Help Wanted: China to Hire More Trustbusters

Established in March 2018, the SAMR and its Anti-Monopoly Bureau became the country’s top antitrust regulator after a merger of three separate law enforcement agencies
Established in March 2018, the SAMR and its Anti-Monopoly Bureau became the country’s top antitrust regulator after a merger of three separate law enforcement agencies

China’s top market watchdog is hiring to expand its antitrust task force as the government steps up scrutiny of anti-competitive practices.

The State Administration for Market Regulation (SAMR) posted 33 positions in its 2022 civil service intake, including 18 designated for antitrust positions, public records for the annual national civil service examination showed.

It is the first public recruitment launched by the SAMR’s Anti-Monopoly Bureau, an agency set up in 2018 to oversee antitrust efforts after a major enforcement reorganization. The world’s second-largest economy is expanding a crackdown on unfair competition that has shaken tech giants including Alibaba Group and Tencent Holdings.

The new hires will engage in anti-monopoly policy research, anti-monopoly law enforcement, and anti-monopoly reviews related to concentration of business operators, according to a statement by the administration. Candidates should have educational background in economics, finance or law, with sound English language capability and working experience in related fields.

The SAMR didn’t publish any recruitment for the Anti-Monopoly Bureau in the past two years, Caixin learned.

Established in March 2018, the SAMR and its Anti-Monopoly Bureau became the country’s top antitrust regulator after a merger of three separate law enforcement agencies. The formation of the SAMR’s Anti-Monopoly Bureau marked an important step in China’s consolidation of market oversight and empowerment of antitrust regulators.
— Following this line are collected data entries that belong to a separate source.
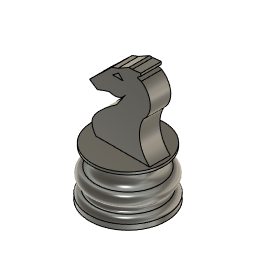
Knight v1 (Autodesk Fusion 360 design; units mm, degrees)
Autodesk Fusion 360 part; units mm, degrees
sketch "Sketch1" plane through (0, 0, 0) normal (0, 1, 0) x (1, 0, 0)
  line L0 (0, 0) -> (12.5, 0)
  line L1 (0, 0) -> (12.5, 0)
  line L2 (0, 0) -> (12.5, 0)
  line L3 (13, -1) -> (15, -1)
  line L4 (12.5, 0) -> (12.5, -1)
  line L5 (12.5, -1) -> (13, -1)
  line L6 (15, -1) -> (15, -3)
  arc A0 (13.0004, -5.0007) -> (15, -3) centre (12.9993, -3) ccw
  arc A1 (12.5, -12.1581) -> (12.5, -7.5136) centre (12.5473, -9.8359) ccw
  arc A2 (13.0004, -5.0007) -> (12.5, -7.5136) centre (13.0198, -6.3108) ccw
  arc A3 (12.5, -12.1581) -> (10.5425, -17.2326) centre (12.8282, -15.1996) ccw
  line L7 (0, 0) -> (0, -50)
  arc A4 (10.5425, -17.2326) -> (14, -19) centre (14, -14.7343) ccw
  line L8 (14, -19) -> (14, -20)
  line L9 (14, -20) -> (0, -20)
  dimension "d3" = 50
  constraint coincident L0.start L1.start
  constraint horizontal L0
  constraint parallel L0 L1
  constraint parallel L2 L3
  constraint perpendicular L2 L4
  constraint perpendicular L4 L5
  constraint perpendicular L3 L6
  constraint tangent L6 A0
  constraint perpendicular L1 L7
  constraint coincident L7 L9.end
  constraint perpendicular L7 L9
  measures "d3" distance of L0.start L7.end
revolve "Revolve1" add sketch "Sketch1" angle 360 about axis through (0, 0, 0) along (0, 0, 1)
sketch "Sketch2" plane through (0, 0, 0) normal (0, 1, 0) x (1, 0, 0)
  line L0 (2.9679, -49.4207) -> (3.0294, -49.543)
  line L1 (4.3602, -49.6653) -> (5.68, -49.6653)
  line L2 (5.68, -49.6653) -> (9, -50)
  line L3 (9, -50) -> (9, -49)
  line L4 (9, -49) -> (7.5814, -47.8487)
  arc A0 (9.1888, -47.3735) -> (10, -35) centre (4.9813, -40.8843) ccw
  arc A1 (12.5, -20) -> (10, -35) centre (20.625, -29.0625) ccw
  line L5 (0.0971, -47.2642) -> (4.3602, -49.6653)
  line L6 (0.0971, -47.2642) -> (-2.3608, -46.3487)
  arc A2 (0, -36.5) -> (-0.5465, -34.5722) centre (-1.7713, -35.9608) ccw
  arc A3 (-8.5, -20) -> (-10, -25) centre (-3.8456, -24.1213) ccw
  line L7 (-8.5, -20) -> (12.5, -20)
  spline S0 degree 5 poles (-0.5465, -34.5722) (-1.0465, -34.2231) (-2.0194, -33.5294) (-3.3975, -32.5026) (-5.0695, -31.1616) (-6.8628, -29.5355) (-8.3256, -27.9653) (-9.2046, -26.7511) (-9.6767, -25.8703) (-9.9047, -25.2953) (-9.9975, -25.0078) (-10, -25) knots 0 0 0 0 0 0 0.1 0.2 0.3 0.4 0.5 0.6 0.602776 0.602776 0.602776 0.602776 0.602776 0.602776
  line L8 (-9.7194, -25.875) -> (-10.2806, -24.125)
  line L9 (-2.3608, -46.3487) -> (-11, -38)
  line L10 (-11, -38) -> (-8, -36)
  line L11 (-8, -36) -> (-5.3151, -37)
  line L12 (-5.3151, -37) -> (-3.202, -37.6423)
  line L13 (2.8801, -39.491) -> (-0.242, -34.9169)
  line L14 (7.5814, -47.8487) -> (9.1888, -47.3735)
  arc A4 (2.8801, -39.491) -> (-3.202, -37.6423) centre (-1.3116, -42.3521) ccw
  line L15 (2, -44) -> (0.3442, -45.7134)
  line L16 (0.3442, -45.7134) -> (-2, -44)
  line L17 (-2, -44) -> (2, -44)
  constraint vertical L3
  constraint horizontal L7
  constraint midpoint A3.end L8
  constraint parallel L6 L11
  constraint coincident A2 L13.end
  constraint tangent A2 L13
  constraint tangent L13 A4
  constraint perpendicular L9 L15
  constraint horizontal L17
extrude "Extrude2" add sketch "Sketch2" along normal blind 4 and the other way blind 4

Previously, responsibility for scrutinizing competition violations was shared by the Anti-Monopoly Bureau of the Ministry of Commerce, which regulated mergers; the Price Supervision and Anti-Monopoly Bureau of the National Development and Reform Commission, which handled price-related monopolistic behavior; and the Anti-Monopoly and Anti-Unfair Competition Bureau of the State Administration of Industry and Commerce, which dealt with non-price-related cases.

According to an organizational restructure published in September 2018, the Anti-Monopoly Bureau has 10 subdivisions with a total of 52 employees. Experts have expressed concerns over the small team’s capacity to deal with a rising number of antitrust probes.

China is taking a tougher stance against anti-competitive practices, especially in the sprawling internet sector. In a December meeting, the Politburo, the Communist Party’s top decision-making body, for the first time vowed to clamp down on monopolies and “disorderly capital expansion.”

In April, the SAMR fined Alibaba a record 18.2 billion yuan ($2.8 billion) for violating antitrust laws, marking a seismic moment in the government’s quest to rein in monopolistic behavior by online platforms. That was followed by more probes and punishments of big companies including social media giant Tencent and online food delivery service Meituan.

On Tuesday, Chinese President Xi Jinping again vowed to correct practices that harm the interests of consumers and hinder fair competition and to prevent monopoly in the technology sector.